Tissue-engineered scaffolds may improve experimental outcomes in cardiac cell therapy by targeted delivery of stem cells and mechanically support an infarcted left ventricular (LV) wall. We transplanted cardiomyocyte-like cells (5×10(5)) with scaffolding via epicardial patching (cell patch, n=17) or a low-dose intramyocardial hydrogel (LD hydrogel, n=18), a high-dose (5×10(6)) intramyocardial hydrogel (HD hydrogel, n=18) or transplanting a serum-free medium control (control, n=13), a blank patch (n=14), and a blank gel (n=16) for targeted cardiomyoplasty in a myocardial infarcted rat model. LV real-time hemodynamics were assessed using a 1.9-F pressure-volume catheter 7 weeks after stem cell transplantation. All mode of scaffold transplantation protected diastolic function by preserving LV wall integrity that resulted in a lower end diastolic pressure-volume relationship (EDPVR) as compared to a control medium-injected group. Moreover, epicardial patching, but not hydrogel injection, reduced ventricular wall stress with a significantly better LV end diastolic pressure (EDP: 5.3±2.4 mmHg vs. 9.6±6.9 mmHg, p<0.05) as compared to control. Furthermore, epicardial patching additionally preserved systolic function by modulating negative remodeling through restricting dilatation of the LV chamber. In comparison to control, an improved ejection fraction in the cell patch group (80.1%±5.9% vs. 67.9%±3.2%, p<0.01) was corroborated by load-independent enhancement of the end systolic pressure-volume relationship (ESPVR: 0.88±0.61 mmHg/uL vs. 0.29±0.19 mmHg/uL, p<0.05) and preload recruitable stroke work (PRSW: 68.7±26.4 mmHg vs. 15.6±16.2 mmHg, p<0.05) in systolic function. Moreover, the cell patch group (14.2±1.7 cells/high-power field vs. 7.4±1.6 cells/high power field, p<0.05) was significantly better in myocardial retention of transplanted stem cells as compared to the LD hydrogel group.

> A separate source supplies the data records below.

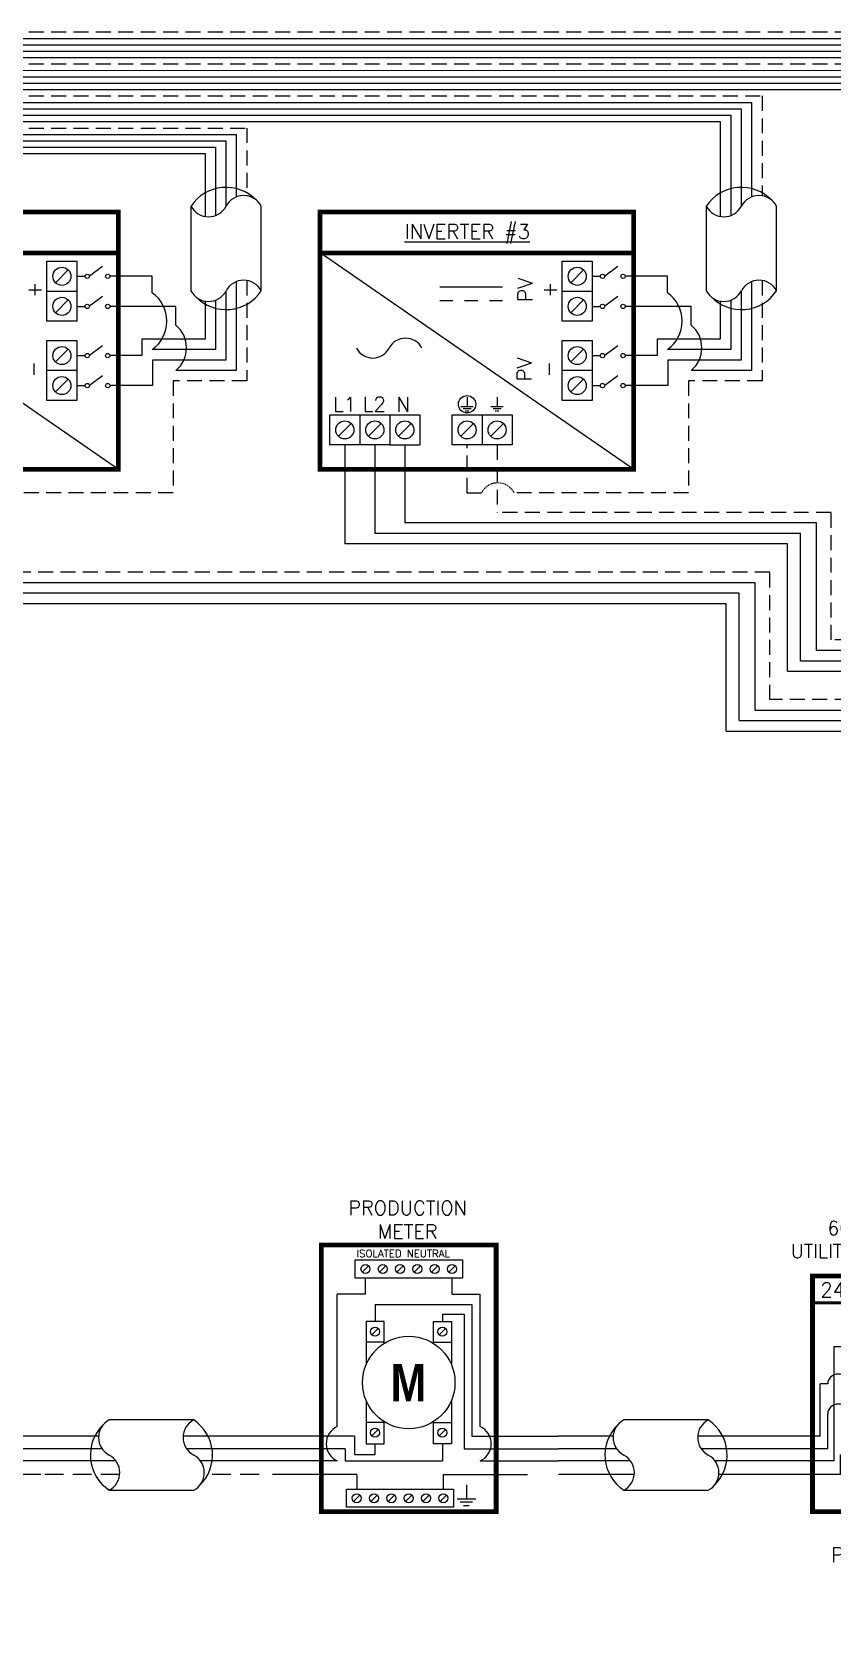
# Model space of a CAD drawing. Header units: feet. Extents: x 19662 to 20437, y 15293 to 15848.
# Drawn here: x 20079.8 to 20240.1, y 15499.9 to 15819.9 of the extents above; entities that cross this region are included whole.
import ezdxf

# ---------------------------------------------------------------- set-up
doc = ezdxf.new("R2010")
doc.units = ezdxf.units.FT
doc.header["$MEASUREMENT"] = 0
doc.linetypes.add('HIDDEN', pattern=[0.375, 0.25, -0.125])
for name, color, linetype in [('ONE LINE BLOCKS', 7, 'Continuous'), ('TABLES', 7, 'Continuous'), ('TEXT', 7, 'Continuous'), ('Z - TITLEBLOCK TXT', 7, 'Continuous')]:
    doc.layers.add(name, color=color, linetype=linetype)
doc.styles.add('ONE LINE TXT', font='techb___.ttf')
doc.styles.get("Standard").update_dxf_attribs({"font": 'simplex.shx'})

# ---------------------------------------------------------------- blocks, each defined once
blk = doc.blocks.new('*U20')
at = {"color": 7, "linetype": 'Continuous'}
for p, q in [((-499.3, -1.61), (-2.62, -1.61)), ((-499.3, -4.82), (-7.87, -4.82)), ((-499.3, -9.64), (-132.05, -9.65)), ((-499.3, -12.86), (-137.3, -12.86)), ((-499.3, -17.69), (-261.48, -17.69)), ((-261.48, -17.69), (-261.48, -41.45)), ((-499.3, -20.9), (-266.73, -20.9)), ((-266.73, -20.9), (-266.73, -46.12)), ((-499.3, -25.73), (-390.92, -25.73)), ((-390.92, -25.73), (-390.92, -41.45)), ((-499.3, -28.95), (-396.16, -28.95)), ((-396.16, -28.95), (-396.16, -46.12)), ((-266.73, -28.95), (-266.73, -28.95)), ((-402.3, -43.76), (-402.3, -65)), ((-384.67, -65), (-384.67, -43.76)), ((-272.87, -43.76), (-272.87, -65)), ((-255.24, -65), (-255.24, -43.76)), ((-412.04, -61.37), (-422.67, -61.37)), ((-412.04, -65.48), (-412.04, -61.37)), ((-390.92, -62.69), (-390.92, -85.03)), ((-282.61, -61.37), (-293.24, -61.37)), ((-282.61, -65.48), (-282.61, -61.37)), ((-261.48, -62.69), (-261.48, -85.03)), ((-396.16, -67.36), (-396.16, -79.78)), ((-266.73, -67.36), (-266.73, -79.78)), ((-406.09, -68.91), (-422.67, -68.91)), ((-406.09, -73.63), (-406.09, -68.91)), ((-276.65, -68.91), (-293.24, -68.91)), ((-276.65, -73.63), (-276.65, -68.91)), ((-396.16, -79.78), (-412.04, -79.78)), ((-266.73, -79.78), (-282.61, -79.78)), ((-390.92, -85.03), (-406.09, -85.03)), ((-261.48, -85.03), (-276.65, -85.03)), ((-363.66, -103.7), (-363.66, -128.55)), ((-252.46, -128.55), (-363.66, -128.55)), ((-252.46, -160.54), (-252.46, -128.55)), ((-267.85, -143.57), (-493.09, -143.57)), ((-267.85, -175.56), (-267.85, -143.57)), ((-252.46, -160.54), (-59.86, -160.54)), ((-267.85, -175.56), (-59.86, -175.56))]:
    blk.add_line(p, q, dxfattribs=at)
at = {"color": 253, "linetype": 'Continuous'}
for p, q in [((-499.3, -3.21), (-5.24, -3.22)), ((-499.3, -6.43), (-10.49, -6.43)), ((-499.3, -11.25), (-134.67, -11.25)), ((-499.3, -14.47), (-139.92, -14.47)), ((-499.3, -19.3), (-264.11, -19.3)), ((-264.11, -19.3), (-264.11, -43.86)), ((-499.3, -22.52), (-269.35, -22.52)), ((-269.35, -22.52), (-269.35, -46.35)), ((-499.3, -27.34), (-393.54, -27.34)), ((-393.54, -27.34), (-393.54, -43.86)), ((-264.11, -27.34), (-264.11, -27.34)), ((-499.3, -30.56), (-398.78, -30.56)), ((-398.78, -30.56), (-398.78, -46.35)), ((-269.35, -30.56), (-269.35, -30.56)), ((-398.78, -67.59), (-398.78, -77.16)), ((-393.54, -65.11), (-393.54, -82.41)), ((-269.35, -67.59), (-269.35, -77.16)), ((-264.11, -65.11), (-264.11, -82.41)), ((-398.78, -77.16), (-414.62, -77.16)), ((-414.62, -77.16), (-414.62, -81.27)), ((-269.35, -77.16), (-285.19, -77.16)), ((-285.19, -77.16), (-285.19, -81.27)), ((-414.62, -81.27), (-422.67, -81.27)), ((-393.54, -82.41), (-412, -82.41)), ((-412, -82.41), (-412, -88.8)), ((-285.19, -81.27), (-293.24, -81.27)), ((-264.11, -82.41), (-282.57, -82.41)), ((-282.57, -82.41), (-282.57, -88.8)), ((-412, -88.8), (-422.67, -88.8)), ((-282.57, -88.8), (-293.24, -88.8)), ((-348.59, -103.7), (-348.59, -123.29)), ((-245.18, -123.29), (-348.59, -123.29)), ((-245.18, -155.28), (-245.18, -123.29)), ((-260.57, -138.32), (-478.02, -138.32)), ((-260.57, -170.3), (-260.57, -138.32)), ((-245.18, -155.28), (-62.57, -155.28)), ((-260.57, -170.3), (-62.57, -170.3))]:
    blk.add_line(p, q, dxfattribs=at)
at = {"color": 10, "linetype": 'Continuous'}
for p, q in [((-356.12, -103.7), (-356.12, -125.92)), ((-249.24, -125.92), (-356.12, -125.92)), ((-249.24, -157.91), (-249.24, -125.92)), ((-264.63, -140.95), (-485.55, -140.95)), ((-264.63, -172.93), (-264.63, -140.95)), ((-249.24, -157.91), (-59.99, -157.91)), ((-264.63, -172.93), (-59.99, -172.93))]:
    blk.add_line(p, q, dxfattribs=at)
at = {"color": 7, "linetype": 'Continuous'}
for centre, start, end in [((-393.48, -49.61), 43.9732, 146.4265), ((-264.05, -49.61), 43.9732, 146.4265), ((-393.48, -59.15), 223.9732, 326.4265), ((-264.05, -59.15), 223.9732, 326.4265)]:
    blk.add_arc(centre, 10.58, start, end, dxfattribs=at)
at = {"layer": 'ONE LINE BLOCKS', "lineweight": 50, "const_width": 1.19}
for points in [[(-499.3, -109.86), (-499.3, -45.21), (-420.53, -45.21), (-420.53, -109.86)], [(-499.3, -55.49), (-499.3, -45.21), (-420.53, -45.21), (-420.53, -55.49)], [(-369.87, -109.86), (-369.87, -45.21), (-291.1, -45.21), (-291.1, -109.86)], [(-369.87, -55.49), (-369.87, -45.21), (-291.1, -45.21), (-291.1, -55.49)]]:
    blk.add_lwpolyline(points, close=True, dxfattribs=at)
at = {"layer": 'TEXT', "color": 92, "linetype": 'HIDDEN', "ltscale": 15}
for p, q in [((-499.3, 0), (0, 0)), ((-499.3, -8.04), (-129.43, -8.04)), ((-499.3, -16.08), (-258.86, -16.08)), ((-258.86, -16.08), (-258.86, -41.16)), ((-499.3, -24.13), (-388.29, -24.13)), ((-388.29, -24.13), (-388.29, -41.16)), ((-388.29, -62.4), (-388.29, -87.65)), ((-258.86, -62.4), (-258.86, -87.65)), ((-388.29, -87.65), (-406.8, -87.65)), ((-406.8, -87.65), (-406.8, -115.73)), ((-258.86, -87.65), (-277.37, -87.65)), ((-277.37, -87.65), (-277.37, -115.73)), ((-332.95, -115.73), (-332.95, -103.7)), ((-325.41, -103.7), (-325.41, -120.66)), ((-406.8, -115.73), (-450.54, -115.73)), ((-332.95, -115.73), (-329.35, -115.73)), ((-277.37, -115.73), (-321.11, -115.73)), ((-241.54, -120.66), (-325.41, -120.66)), ((-241.54, -152.65), (-241.54, -120.66)), ((-256.93, -135.69), (-454.85, -135.69)), ((-256.93, -167.67), (-256.93, -135.69)), ((-62.5, -152.65), (-241.54, -152.65)), ((-62.5, -167.67), (-256.93, -167.67))]:
    blk.add_line(p, q, dxfattribs=at)
at = {"layer": 'TEXT', "color": 92, "linetype": 'Continuous', "flags": 128}
for points in [[(-332.95, -91.75), (-332.95, -94.05)], [(-325.41, -91.75), (-325.42, -94.05)], [(-334.49, -94.05), (-331.41, -94.05)], [(-331.95, -94.62), (-333.95, -94.62)], [(-326.95, -94.05), (-323.88, -94.05)], [(-324.41, -94.62), (-326.42, -94.62)]]:
    blk.add_lwpolyline(points, dxfattribs=at)
at = {"layer": 'TEXT', "color": 92, "linetype": 'HIDDEN', "flags": 128}
for points in [[(-332.48, -95.19), (-333.42, -95.19)], [(-324.94, -95.19), (-325.89, -95.19)]]:
    blk.add_lwpolyline(points, dxfattribs=at)
at = {"layer": 'TEXT', "color": 92, "linetype": 'Continuous'}
blk.add_circle((-332.95, -93.5), 2.17, dxfattribs=at)
at = {"layer": 'TEXT', "color": 92, "linetype": 'HIDDEN', "ltscale": 0.3}
blk.add_arc((-325.23, -117.89), 4.65, 27.6639, 152.3361, dxfattribs=at)
at = {"layer": 'Z - TITLEBLOCK TXT', "color": 7, "linetype": 'Continuous'}
for p, q in [((-420.53, -109.86), (-499.3, -55.49)), ((-291.1, -109.86), (-369.87, -55.49)), ((-324.05, -64.1), (-339.82, -64.1)), ((-336.52, -67.51), (-339.82, -67.51)), ((-330.29, -67.51), (-333.58, -67.51)), ((-324.05, -67.51), (-327.34, -67.51))]:
    blk.add_line(p, q, dxfattribs=at)
at = {"layer": 'Z - TITLEBLOCK TXT', "color": 1, "linetype": 'Continuous'}
for p, q in [((-438.49, -72.67), (-438.49, -57.6)), ((-438.49, -57.6), (-430.95, -57.6)), ((-438.49, -72.67), (-438.49, -57.6)), ((-430.95, -57.6), (-430.95, -72.67)), ((-430.95, -57.6), (-430.95, -65.14)), ((-424.53, -58.91), (-427.79, -61.35)), ((-309.06, -72.67), (-309.06, -57.6)), ((-309.06, -57.6), (-301.52, -57.6)), ((-309.06, -72.67), (-309.06, -57.6)), ((-301.52, -57.6), (-301.52, -72.67)), ((-301.52, -57.6), (-301.52, -65.14)), ((-295.09, -58.91), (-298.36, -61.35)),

Collectively, myocardial transplantation of compliant scaffolding materials alone may physically improve wall mechanics, largely independent of stem cells. However, epicardially grafted cell patch conferred added systolic contractility by improving stem cell retention and cellular alignment leading to improved LV remodeling and geometric preservation postinfarction.